The paper titled “Keep Sensors in Check: Disentangling Cross-Country Generalization Issues in Mobile Sensor-Based Models with Diversity Scores”, by our WeNet consortium partners at Idiap Research Institute (Alexandre Nanchen, Lakmal Meegahapola, William Droz, and Daniel Gatica-Perez), will be presented at the AAAI/ACM Conference on Artificial Intelligence, Ethics, and Society (AIES). The conference is held in Montreal, Canada, August 8-10, 2023.

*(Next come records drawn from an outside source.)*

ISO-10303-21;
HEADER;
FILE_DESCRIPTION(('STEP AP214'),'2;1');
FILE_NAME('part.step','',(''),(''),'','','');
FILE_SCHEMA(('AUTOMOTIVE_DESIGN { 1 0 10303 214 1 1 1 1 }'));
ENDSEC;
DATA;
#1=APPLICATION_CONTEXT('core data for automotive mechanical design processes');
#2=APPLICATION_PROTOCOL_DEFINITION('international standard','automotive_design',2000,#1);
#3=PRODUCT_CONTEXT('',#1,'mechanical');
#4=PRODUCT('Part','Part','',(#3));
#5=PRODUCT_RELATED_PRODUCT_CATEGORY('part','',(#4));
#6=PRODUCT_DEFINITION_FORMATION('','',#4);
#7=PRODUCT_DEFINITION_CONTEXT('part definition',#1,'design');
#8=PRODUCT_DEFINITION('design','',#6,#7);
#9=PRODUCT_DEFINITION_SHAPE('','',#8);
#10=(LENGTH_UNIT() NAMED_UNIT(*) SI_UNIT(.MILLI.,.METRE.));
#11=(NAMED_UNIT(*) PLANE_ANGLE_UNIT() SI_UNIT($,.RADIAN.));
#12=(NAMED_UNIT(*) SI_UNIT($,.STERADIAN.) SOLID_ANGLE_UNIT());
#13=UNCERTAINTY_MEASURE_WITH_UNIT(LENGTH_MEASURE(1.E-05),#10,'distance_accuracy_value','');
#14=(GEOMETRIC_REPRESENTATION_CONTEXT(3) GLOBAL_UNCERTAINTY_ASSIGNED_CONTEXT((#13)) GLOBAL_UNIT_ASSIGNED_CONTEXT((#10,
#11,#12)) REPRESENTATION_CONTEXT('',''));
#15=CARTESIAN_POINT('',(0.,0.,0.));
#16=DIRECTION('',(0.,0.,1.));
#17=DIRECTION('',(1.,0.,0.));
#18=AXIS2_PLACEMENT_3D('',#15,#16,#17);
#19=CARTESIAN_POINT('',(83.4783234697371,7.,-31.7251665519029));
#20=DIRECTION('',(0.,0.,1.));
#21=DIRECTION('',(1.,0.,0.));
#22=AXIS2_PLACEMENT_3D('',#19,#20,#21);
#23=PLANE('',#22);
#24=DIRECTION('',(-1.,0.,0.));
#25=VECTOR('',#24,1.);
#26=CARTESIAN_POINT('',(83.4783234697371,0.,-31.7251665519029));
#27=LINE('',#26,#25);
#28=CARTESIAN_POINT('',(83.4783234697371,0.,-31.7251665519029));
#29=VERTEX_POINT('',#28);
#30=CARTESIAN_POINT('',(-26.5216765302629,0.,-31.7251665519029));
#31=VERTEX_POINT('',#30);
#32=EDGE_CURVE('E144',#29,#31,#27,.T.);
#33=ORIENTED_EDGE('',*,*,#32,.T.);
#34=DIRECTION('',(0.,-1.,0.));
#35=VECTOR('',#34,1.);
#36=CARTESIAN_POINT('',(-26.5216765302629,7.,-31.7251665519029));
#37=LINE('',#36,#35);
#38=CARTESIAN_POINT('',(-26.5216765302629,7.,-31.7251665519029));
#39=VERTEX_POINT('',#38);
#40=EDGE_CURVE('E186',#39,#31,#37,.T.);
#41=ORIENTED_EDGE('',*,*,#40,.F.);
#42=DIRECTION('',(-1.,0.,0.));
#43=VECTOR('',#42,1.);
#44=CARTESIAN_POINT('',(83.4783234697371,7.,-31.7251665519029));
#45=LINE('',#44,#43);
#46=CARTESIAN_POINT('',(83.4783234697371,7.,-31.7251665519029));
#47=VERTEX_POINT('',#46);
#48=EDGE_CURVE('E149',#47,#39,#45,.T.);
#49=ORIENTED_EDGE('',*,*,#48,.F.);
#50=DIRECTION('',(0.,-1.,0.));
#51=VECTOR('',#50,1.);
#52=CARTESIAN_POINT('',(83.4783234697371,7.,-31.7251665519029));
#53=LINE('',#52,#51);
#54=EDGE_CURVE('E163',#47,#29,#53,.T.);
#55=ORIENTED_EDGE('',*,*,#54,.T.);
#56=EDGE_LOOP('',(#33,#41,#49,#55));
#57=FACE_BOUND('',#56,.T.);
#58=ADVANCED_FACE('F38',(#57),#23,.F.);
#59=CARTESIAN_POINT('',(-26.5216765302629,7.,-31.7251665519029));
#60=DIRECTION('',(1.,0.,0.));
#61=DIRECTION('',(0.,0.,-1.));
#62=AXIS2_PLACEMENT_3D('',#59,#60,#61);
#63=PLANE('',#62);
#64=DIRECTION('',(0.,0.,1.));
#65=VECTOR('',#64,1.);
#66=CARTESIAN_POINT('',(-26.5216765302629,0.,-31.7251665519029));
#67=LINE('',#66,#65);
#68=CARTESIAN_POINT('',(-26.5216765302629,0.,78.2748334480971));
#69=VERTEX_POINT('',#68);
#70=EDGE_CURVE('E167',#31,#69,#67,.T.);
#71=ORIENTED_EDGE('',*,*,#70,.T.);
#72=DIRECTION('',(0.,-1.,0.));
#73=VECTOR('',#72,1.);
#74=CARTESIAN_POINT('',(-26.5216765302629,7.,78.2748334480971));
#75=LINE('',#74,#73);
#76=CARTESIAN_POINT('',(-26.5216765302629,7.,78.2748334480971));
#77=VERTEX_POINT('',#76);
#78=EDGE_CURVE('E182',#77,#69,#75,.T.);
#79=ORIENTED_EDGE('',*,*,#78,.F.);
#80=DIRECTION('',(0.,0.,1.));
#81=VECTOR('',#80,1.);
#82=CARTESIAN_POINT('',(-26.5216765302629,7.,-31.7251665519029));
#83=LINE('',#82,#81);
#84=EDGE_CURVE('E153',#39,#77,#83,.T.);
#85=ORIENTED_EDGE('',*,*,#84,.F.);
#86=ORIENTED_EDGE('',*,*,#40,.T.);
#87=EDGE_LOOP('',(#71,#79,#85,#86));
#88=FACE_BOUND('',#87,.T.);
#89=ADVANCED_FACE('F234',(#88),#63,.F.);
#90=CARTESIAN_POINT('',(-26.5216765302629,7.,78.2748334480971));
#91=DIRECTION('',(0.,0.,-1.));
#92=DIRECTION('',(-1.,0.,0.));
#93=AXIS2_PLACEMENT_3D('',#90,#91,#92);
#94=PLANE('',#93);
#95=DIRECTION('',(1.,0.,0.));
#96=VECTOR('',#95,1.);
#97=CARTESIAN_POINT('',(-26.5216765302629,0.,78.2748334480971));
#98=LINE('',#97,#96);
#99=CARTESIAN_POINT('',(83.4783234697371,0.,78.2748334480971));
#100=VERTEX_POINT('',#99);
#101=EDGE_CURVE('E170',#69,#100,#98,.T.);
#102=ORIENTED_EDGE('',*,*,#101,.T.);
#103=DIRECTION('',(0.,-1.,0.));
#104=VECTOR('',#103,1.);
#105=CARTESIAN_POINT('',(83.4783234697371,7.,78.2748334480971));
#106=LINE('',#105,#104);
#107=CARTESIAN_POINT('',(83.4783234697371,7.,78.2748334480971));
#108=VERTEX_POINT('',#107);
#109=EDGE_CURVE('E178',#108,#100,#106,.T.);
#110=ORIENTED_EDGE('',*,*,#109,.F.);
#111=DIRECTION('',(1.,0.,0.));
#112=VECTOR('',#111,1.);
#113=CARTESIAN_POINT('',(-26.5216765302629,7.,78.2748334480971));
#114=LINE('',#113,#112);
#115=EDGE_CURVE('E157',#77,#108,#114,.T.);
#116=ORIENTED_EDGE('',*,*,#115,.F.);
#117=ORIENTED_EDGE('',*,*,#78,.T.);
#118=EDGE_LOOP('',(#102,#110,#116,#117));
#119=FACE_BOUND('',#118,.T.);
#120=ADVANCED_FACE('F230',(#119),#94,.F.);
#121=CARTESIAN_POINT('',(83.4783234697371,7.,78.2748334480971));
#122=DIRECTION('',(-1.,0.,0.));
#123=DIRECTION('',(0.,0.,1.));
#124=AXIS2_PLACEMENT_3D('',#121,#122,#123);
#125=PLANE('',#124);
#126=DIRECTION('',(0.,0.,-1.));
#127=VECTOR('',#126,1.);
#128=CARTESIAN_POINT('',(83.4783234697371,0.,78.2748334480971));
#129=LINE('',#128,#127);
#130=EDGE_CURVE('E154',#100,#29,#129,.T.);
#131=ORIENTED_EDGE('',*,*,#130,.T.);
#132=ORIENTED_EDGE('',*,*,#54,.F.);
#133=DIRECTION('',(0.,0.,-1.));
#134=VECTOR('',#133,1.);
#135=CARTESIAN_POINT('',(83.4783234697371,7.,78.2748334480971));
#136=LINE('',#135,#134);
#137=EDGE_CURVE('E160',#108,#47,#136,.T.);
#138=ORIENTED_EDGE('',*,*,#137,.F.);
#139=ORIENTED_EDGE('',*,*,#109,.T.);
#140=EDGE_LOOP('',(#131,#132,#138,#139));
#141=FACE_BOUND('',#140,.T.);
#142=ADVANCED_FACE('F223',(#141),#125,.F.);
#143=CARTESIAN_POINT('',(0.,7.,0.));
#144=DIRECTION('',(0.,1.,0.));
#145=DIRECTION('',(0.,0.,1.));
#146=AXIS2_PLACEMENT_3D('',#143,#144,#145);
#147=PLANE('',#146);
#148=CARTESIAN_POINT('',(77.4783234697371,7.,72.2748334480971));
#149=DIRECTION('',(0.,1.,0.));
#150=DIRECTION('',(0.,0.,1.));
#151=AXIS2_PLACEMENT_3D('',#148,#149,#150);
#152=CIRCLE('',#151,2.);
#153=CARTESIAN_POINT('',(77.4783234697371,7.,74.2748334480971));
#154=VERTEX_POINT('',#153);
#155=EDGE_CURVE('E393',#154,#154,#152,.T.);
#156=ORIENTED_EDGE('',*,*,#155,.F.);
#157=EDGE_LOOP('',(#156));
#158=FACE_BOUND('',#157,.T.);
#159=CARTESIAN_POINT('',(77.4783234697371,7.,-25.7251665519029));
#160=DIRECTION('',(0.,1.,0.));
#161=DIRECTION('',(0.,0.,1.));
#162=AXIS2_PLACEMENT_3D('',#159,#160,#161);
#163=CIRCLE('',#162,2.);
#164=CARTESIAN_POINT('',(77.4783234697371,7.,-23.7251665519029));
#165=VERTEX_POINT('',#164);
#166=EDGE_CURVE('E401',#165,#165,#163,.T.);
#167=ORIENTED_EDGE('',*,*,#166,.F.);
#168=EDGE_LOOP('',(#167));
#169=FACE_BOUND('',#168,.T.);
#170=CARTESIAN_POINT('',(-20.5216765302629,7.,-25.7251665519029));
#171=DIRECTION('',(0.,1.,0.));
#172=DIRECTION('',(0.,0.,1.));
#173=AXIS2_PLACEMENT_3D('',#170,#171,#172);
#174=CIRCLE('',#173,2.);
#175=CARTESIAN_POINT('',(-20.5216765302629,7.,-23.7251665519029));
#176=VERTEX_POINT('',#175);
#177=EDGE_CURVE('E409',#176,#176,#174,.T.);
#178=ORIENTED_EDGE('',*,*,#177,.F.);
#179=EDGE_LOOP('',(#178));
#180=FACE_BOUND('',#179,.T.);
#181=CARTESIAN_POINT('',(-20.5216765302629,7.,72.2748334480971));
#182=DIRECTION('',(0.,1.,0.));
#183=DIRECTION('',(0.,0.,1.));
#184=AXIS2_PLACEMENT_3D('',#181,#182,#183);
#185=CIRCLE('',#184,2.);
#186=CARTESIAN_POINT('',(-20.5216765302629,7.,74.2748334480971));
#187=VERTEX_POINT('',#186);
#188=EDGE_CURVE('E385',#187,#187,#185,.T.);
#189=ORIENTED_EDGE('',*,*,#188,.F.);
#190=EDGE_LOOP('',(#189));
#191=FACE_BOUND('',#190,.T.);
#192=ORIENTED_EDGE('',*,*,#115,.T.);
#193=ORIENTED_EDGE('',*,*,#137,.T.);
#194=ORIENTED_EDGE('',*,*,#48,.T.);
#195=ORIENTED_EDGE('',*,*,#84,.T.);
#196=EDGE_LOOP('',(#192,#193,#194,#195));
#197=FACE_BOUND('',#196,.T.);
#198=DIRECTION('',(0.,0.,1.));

Co-author Alexandre Nanchen will present it at the conference. Below is the abstract of the paper:
Machine learning models trained with passive sensor data from mobile devices can be used to perform various inferences pertaining to activity recognition, context awareness, and health and well-being. Prior work has improved inference performance through the use of multimodal sensors (inertial, GPS, proximity, app usage, etc.) or improved machine learning. In this context, a few studies shed light on critical issues relating to the poor cross-country generalization of models due to distributional shifts across countries. However, these studies have largely relied on inference performance as a means of studying generalization issues, failing to investigate whether the root cause of the problem is linked to specific sensor modalities (independent variables) or the target attribute (dependent variable). In this paper, we study this issue in complex activities of daily living (ADL) inference task, involving 12 classes, by using a multimodal, multi-country dataset collected from 689 participants across eight countries. We first show that the ‘country of origin’ of data is captured by sensors and can be inferred from each modality separately, with an average accuracy of 65%. We then propose two diversity scores (DS) that measure how a country differentiates from others w.r.t. sensor modalities or activities. Using these diversity scores, we observed that both individual sensor modalities and activities have the ability to differentiate countries. However, while many activities capture country differences, only the ‘App usage’ and ‘Location’ sensors can do so. By dissecting country-level diversity across dependent and independent variables, we provide a framework to better understand model generalization issues across countries and country-level diversity of sensing modalities.